◆ **Source information**:
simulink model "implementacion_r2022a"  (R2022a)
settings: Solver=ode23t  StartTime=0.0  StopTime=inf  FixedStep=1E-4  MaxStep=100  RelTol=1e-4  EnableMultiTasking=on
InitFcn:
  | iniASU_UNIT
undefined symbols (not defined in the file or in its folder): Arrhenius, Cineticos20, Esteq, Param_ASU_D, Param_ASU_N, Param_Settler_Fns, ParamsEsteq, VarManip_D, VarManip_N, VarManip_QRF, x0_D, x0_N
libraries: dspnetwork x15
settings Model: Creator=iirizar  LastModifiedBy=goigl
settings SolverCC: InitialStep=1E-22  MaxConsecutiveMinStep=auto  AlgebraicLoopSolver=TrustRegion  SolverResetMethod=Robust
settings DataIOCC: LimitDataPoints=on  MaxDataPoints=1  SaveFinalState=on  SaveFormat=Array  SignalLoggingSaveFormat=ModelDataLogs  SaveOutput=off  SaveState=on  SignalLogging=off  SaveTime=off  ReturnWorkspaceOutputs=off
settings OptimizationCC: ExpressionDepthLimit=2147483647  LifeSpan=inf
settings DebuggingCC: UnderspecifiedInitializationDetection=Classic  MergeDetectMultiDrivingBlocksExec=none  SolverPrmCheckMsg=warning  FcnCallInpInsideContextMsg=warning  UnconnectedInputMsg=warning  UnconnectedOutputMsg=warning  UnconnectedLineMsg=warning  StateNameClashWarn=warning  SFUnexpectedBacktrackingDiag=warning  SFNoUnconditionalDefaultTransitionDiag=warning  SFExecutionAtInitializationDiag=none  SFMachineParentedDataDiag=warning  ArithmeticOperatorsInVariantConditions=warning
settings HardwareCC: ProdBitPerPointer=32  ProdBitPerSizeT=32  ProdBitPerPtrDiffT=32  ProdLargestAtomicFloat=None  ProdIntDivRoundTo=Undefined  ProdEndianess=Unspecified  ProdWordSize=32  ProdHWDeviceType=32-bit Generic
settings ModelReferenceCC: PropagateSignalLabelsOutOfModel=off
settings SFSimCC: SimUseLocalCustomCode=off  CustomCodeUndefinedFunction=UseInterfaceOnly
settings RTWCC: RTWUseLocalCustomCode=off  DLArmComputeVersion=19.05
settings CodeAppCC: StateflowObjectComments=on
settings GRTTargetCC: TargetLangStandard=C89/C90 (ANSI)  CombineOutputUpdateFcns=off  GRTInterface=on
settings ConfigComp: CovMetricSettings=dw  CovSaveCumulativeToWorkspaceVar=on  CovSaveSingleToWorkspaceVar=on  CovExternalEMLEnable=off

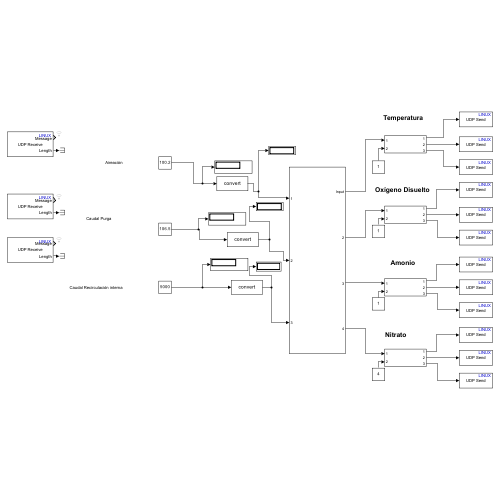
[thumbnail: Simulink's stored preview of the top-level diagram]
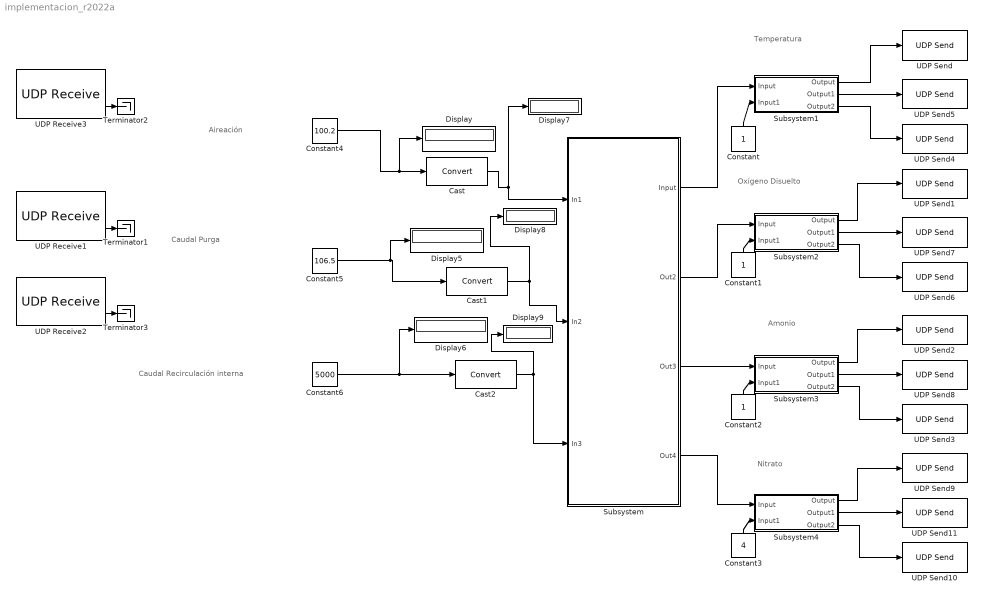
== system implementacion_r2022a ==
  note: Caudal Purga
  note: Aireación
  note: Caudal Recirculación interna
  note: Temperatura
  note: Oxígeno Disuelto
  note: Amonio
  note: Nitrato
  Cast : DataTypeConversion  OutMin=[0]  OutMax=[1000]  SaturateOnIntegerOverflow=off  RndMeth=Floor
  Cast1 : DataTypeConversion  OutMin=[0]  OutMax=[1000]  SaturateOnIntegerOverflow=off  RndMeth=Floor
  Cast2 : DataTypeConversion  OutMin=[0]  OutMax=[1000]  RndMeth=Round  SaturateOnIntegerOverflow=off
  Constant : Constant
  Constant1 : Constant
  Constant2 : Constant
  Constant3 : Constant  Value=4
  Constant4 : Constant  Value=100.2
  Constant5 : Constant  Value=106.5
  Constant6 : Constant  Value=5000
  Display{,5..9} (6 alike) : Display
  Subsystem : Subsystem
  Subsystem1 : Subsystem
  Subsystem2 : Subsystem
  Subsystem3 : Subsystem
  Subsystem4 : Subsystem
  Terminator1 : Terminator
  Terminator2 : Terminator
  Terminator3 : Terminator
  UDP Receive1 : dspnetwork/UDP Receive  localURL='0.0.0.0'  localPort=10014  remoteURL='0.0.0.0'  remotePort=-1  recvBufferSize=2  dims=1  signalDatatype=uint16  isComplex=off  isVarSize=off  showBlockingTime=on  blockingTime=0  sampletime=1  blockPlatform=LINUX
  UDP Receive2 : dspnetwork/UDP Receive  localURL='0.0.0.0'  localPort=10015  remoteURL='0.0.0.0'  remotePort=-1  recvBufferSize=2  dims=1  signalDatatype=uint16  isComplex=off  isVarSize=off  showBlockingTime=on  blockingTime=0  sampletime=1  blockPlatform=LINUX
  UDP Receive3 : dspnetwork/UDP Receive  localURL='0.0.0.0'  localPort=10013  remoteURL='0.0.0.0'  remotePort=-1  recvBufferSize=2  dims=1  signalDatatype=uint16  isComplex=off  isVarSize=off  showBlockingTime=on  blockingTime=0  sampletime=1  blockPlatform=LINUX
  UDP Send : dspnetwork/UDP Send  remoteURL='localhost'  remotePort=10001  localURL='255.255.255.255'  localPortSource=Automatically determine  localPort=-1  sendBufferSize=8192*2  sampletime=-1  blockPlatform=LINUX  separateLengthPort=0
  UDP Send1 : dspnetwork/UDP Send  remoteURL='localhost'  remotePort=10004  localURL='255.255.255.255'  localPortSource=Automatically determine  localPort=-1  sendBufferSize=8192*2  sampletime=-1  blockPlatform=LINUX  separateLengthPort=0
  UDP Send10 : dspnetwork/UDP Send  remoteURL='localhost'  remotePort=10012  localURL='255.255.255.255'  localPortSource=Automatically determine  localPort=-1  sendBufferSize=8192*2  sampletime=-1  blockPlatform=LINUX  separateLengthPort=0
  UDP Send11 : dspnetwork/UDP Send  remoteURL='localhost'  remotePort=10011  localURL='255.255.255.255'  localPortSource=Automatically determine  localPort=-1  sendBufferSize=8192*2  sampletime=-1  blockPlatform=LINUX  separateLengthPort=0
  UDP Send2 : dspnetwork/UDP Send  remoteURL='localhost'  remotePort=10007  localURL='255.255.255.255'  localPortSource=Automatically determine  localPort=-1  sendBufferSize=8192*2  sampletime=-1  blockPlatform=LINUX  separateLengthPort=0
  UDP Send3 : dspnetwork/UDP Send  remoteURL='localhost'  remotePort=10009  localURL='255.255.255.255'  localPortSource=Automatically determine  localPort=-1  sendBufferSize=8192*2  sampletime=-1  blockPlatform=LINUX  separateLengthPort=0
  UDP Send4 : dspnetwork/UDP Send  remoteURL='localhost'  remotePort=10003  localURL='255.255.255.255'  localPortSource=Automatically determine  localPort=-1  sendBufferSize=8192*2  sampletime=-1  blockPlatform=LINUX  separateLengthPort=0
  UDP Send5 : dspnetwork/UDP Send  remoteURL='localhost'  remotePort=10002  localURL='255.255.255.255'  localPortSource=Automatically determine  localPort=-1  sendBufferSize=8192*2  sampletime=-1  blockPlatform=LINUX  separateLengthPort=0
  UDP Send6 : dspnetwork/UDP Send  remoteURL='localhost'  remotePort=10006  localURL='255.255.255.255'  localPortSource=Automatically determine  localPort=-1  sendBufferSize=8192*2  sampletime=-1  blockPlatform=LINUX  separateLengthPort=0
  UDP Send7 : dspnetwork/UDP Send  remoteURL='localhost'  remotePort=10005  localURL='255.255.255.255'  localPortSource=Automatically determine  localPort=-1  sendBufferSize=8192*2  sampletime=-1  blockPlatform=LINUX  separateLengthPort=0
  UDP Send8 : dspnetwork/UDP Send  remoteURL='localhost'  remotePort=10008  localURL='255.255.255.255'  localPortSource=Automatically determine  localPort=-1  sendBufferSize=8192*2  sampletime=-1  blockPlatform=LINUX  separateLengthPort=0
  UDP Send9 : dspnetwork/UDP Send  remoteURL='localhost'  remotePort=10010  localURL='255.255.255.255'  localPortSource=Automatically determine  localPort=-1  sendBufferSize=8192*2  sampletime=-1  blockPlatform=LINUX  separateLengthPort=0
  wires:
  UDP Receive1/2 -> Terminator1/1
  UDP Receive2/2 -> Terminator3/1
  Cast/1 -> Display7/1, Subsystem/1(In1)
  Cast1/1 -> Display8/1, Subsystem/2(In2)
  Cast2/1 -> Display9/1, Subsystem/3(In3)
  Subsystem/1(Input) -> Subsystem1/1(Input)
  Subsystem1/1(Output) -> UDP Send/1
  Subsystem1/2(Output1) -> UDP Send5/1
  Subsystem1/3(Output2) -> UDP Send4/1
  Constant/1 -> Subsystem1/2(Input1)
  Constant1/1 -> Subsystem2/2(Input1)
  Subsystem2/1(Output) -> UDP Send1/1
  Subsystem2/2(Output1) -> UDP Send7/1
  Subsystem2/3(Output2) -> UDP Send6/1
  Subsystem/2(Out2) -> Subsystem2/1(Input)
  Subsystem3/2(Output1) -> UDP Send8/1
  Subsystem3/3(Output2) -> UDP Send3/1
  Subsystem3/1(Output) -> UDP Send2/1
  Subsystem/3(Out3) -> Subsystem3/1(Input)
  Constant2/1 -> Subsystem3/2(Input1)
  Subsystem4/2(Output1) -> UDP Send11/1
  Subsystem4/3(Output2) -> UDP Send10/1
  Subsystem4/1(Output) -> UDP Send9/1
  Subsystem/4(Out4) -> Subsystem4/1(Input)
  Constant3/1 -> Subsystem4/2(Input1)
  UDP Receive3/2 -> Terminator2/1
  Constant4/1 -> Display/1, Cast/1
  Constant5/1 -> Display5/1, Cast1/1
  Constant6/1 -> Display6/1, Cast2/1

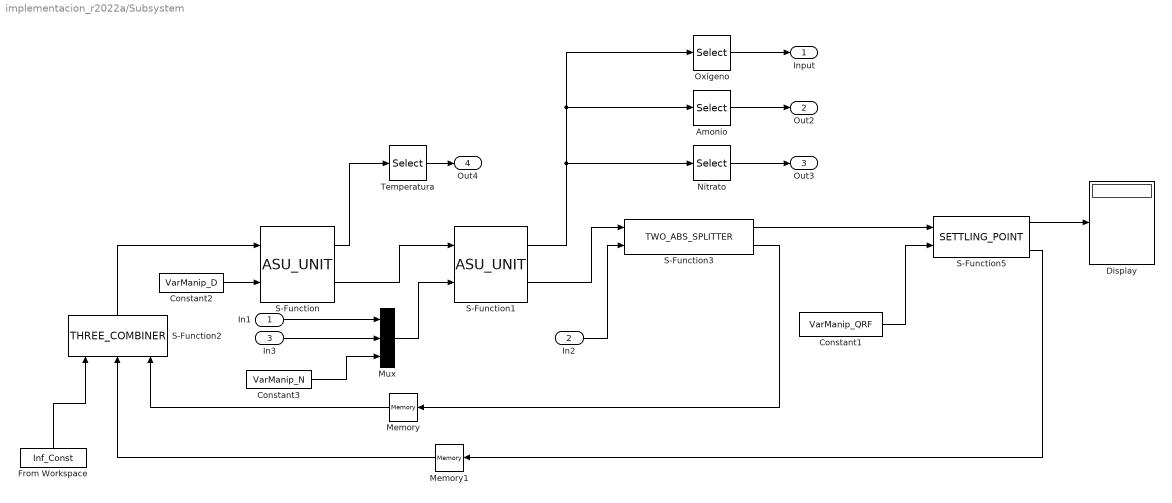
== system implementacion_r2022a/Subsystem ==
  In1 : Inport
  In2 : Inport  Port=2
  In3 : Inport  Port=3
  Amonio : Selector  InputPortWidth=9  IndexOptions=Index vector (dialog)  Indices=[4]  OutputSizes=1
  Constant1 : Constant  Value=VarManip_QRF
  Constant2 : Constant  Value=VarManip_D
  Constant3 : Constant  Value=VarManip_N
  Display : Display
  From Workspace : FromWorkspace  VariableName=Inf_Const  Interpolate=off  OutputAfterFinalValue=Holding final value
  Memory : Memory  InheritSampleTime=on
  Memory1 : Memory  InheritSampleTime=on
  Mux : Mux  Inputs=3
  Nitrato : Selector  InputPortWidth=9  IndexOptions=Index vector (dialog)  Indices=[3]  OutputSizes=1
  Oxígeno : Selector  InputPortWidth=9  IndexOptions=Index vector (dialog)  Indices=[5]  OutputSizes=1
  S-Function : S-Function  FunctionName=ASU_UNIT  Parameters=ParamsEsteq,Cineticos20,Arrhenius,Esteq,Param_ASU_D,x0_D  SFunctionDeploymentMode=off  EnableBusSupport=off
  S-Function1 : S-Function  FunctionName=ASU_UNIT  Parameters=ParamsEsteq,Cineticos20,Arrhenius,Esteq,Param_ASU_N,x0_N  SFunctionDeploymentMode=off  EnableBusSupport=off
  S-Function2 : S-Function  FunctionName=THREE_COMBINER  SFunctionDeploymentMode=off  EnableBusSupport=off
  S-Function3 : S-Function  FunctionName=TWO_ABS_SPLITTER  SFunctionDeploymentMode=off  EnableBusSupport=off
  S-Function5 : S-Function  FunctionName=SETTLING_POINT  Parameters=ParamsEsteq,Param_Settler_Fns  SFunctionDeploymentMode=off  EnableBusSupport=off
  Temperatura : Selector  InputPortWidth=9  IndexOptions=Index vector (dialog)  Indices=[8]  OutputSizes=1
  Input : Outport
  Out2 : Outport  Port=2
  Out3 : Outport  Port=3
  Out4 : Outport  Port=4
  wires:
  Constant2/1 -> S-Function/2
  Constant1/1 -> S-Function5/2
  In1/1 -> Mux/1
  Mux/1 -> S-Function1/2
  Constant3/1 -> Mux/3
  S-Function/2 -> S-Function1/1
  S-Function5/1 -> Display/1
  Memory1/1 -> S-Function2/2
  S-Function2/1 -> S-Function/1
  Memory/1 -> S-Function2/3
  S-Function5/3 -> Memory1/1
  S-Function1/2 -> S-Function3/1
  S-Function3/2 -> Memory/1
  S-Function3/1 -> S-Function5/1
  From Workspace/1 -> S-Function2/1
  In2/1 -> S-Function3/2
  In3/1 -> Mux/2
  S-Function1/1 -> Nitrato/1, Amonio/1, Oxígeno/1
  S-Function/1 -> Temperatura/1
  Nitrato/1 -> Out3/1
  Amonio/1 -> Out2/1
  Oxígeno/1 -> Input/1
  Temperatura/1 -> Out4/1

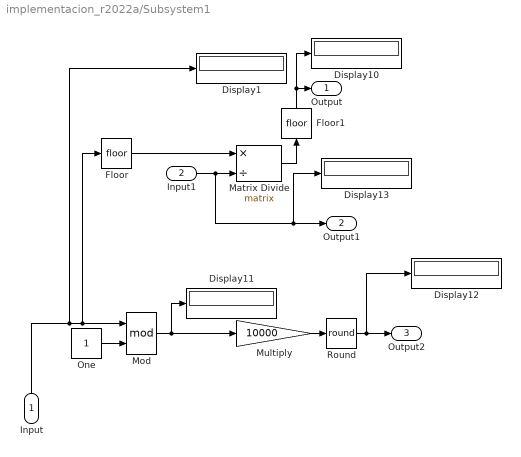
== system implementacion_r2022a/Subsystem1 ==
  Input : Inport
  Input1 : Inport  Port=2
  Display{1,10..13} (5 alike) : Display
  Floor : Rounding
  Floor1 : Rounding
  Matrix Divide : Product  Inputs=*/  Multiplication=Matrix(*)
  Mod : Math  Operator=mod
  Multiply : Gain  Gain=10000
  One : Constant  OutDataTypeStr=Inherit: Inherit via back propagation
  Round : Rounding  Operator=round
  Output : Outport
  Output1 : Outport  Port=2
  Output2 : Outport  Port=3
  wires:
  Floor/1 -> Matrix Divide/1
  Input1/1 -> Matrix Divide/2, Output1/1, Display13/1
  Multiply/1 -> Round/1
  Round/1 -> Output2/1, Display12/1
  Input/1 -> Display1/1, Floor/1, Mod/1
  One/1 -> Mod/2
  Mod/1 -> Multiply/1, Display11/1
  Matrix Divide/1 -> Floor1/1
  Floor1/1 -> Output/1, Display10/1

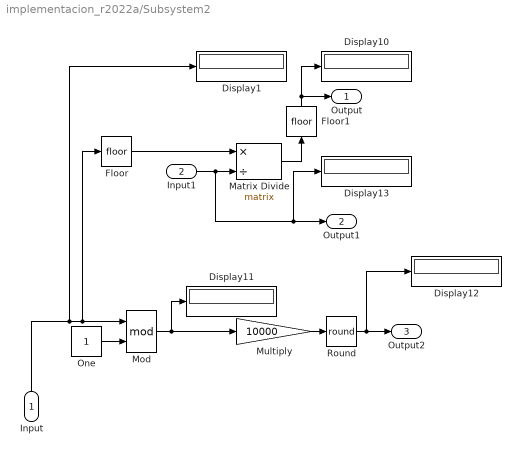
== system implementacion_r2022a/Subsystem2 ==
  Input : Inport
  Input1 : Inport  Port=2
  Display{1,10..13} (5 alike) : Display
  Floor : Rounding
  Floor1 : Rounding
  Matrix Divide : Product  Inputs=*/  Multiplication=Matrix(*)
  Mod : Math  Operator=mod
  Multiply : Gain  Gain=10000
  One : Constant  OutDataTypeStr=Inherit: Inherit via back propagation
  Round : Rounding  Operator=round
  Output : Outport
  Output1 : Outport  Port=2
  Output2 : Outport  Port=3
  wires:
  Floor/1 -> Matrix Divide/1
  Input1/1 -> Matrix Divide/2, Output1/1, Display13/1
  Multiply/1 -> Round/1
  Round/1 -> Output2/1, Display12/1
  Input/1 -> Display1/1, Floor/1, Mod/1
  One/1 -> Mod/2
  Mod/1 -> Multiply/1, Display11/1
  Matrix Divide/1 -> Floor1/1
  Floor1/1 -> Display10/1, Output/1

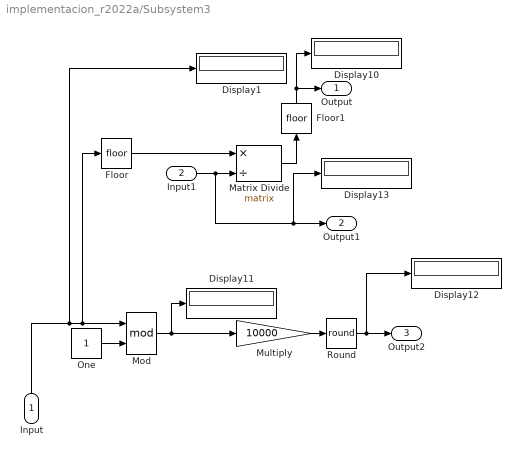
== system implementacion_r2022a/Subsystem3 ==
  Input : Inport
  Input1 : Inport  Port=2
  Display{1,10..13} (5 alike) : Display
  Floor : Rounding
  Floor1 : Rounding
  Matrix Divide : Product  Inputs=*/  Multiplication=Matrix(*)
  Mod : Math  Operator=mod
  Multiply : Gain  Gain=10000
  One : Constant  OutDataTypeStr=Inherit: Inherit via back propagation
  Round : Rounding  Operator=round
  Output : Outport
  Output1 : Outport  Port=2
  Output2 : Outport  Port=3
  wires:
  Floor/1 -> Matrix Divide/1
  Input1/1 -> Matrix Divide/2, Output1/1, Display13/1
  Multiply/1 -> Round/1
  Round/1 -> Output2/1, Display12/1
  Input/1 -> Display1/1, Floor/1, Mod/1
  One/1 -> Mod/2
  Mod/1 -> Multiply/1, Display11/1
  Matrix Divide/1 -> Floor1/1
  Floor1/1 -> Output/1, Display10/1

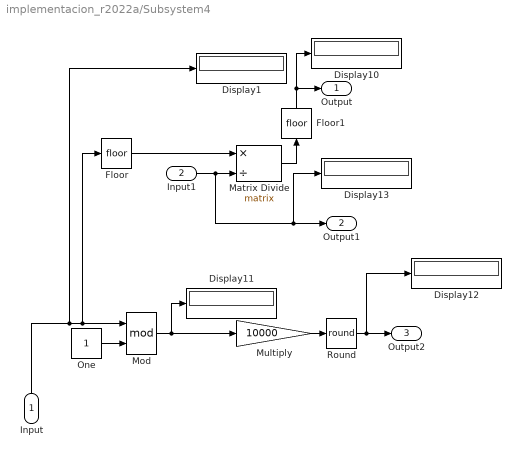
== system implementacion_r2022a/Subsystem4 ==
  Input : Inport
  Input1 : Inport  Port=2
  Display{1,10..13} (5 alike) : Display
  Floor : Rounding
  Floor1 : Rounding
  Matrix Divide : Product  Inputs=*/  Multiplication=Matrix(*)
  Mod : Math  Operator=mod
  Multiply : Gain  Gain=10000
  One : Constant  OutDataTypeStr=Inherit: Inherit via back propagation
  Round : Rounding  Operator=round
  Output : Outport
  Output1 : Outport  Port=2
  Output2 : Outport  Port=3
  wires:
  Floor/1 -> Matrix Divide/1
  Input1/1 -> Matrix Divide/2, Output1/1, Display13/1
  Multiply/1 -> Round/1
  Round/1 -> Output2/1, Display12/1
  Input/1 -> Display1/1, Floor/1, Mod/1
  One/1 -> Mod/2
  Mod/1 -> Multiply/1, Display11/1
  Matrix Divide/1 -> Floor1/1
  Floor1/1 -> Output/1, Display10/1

◆ **Problem details**:
Return the lines above precisely as they appear, beginning at the first line and ending at the line with "settings GRTTargetCC: TargetLangStandard=C89/C90", and nothing after it.

◆ **Reply**:
simulink model "implementacion_r2022a"  (R2022a)
settings: Solver=ode23t  StartTime=0.0  StopTime=inf  FixedStep=1E-4  MaxStep=100  RelTol=1e-4  EnableMultiTasking=on
InitFcn:
  | iniASU_UNIT
undefined symbols (not defined in the file or in its folder): Arrhenius, Cineticos20, Esteq, Param_ASU_D, Param_ASU_N, Param_Settler_Fns, ParamsEsteq, VarManip_D, VarManip_N, VarManip_QRF, x0_D, x0_N
libraries: dspnetwork x15
settings Model: Creator=iirizar  LastModifiedBy=goigl
settings SolverCC: InitialStep=1E-22  MaxConsecutiveMinStep=auto  AlgebraicLoopSolver=TrustRegion  SolverResetMethod=Robust
settings DataIOCC: LimitDataPoints=on  MaxDataPoints=1  SaveFinalState=on  SaveFormat=Array  SignalLoggingSaveFormat=ModelDataLogs  SaveOutput=off  SaveState=on  SignalLogging=off  SaveTime=off  ReturnWorkspaceOutputs=off
settings OptimizationCC: ExpressionDepthLimit=2147483647  LifeSpan=inf
settings DebuggingCC: UnderspecifiedInitializationDetection=Classic  MergeDetectMultiDrivingBlocksExec=none  SolverPrmCheckMsg=warning  FcnCallInpInsideContextMsg=warning  UnconnectedInputMsg=warning  UnconnectedOutputMsg=warning  UnconnectedLineMsg=warning  StateNameClashWarn=warning  SFUnexpectedBacktrackingDiag=warning  SFNoUnconditionalDefaultTransitionDiag=warning  SFExecutionAtInitializationDiag=none  SFMachineParentedDataDiag=warning  ArithmeticOperatorsInVariantConditions=warning
settings HardwareCC: ProdBitPerPointer=32  ProdBitPerSizeT=32  ProdBitPerPtrDiffT=32  ProdLargestAtomicFloat=None  ProdIntDivRoundTo=Undefined  ProdEndianess=Unspecified  ProdWordSize=32  ProdHWDeviceType=32-bit Generic
settings ModelReferenceCC: PropagateSignalLabelsOutOfModel=off
settings SFSimCC: SimUseLocalCustomCode=off  CustomCodeUndefinedFunction=UseInterfaceOnly
settings RTWCC: RTWUseLocalCustomCode=off  DLArmComputeVersion=19.05
settings CodeAppCC: StateflowObjectComments=on
settings GRTTargetCC: TargetLangStandard=C89/C90 (ANSI)  CombineOutputUpdateFcns=off  GRTInterface=on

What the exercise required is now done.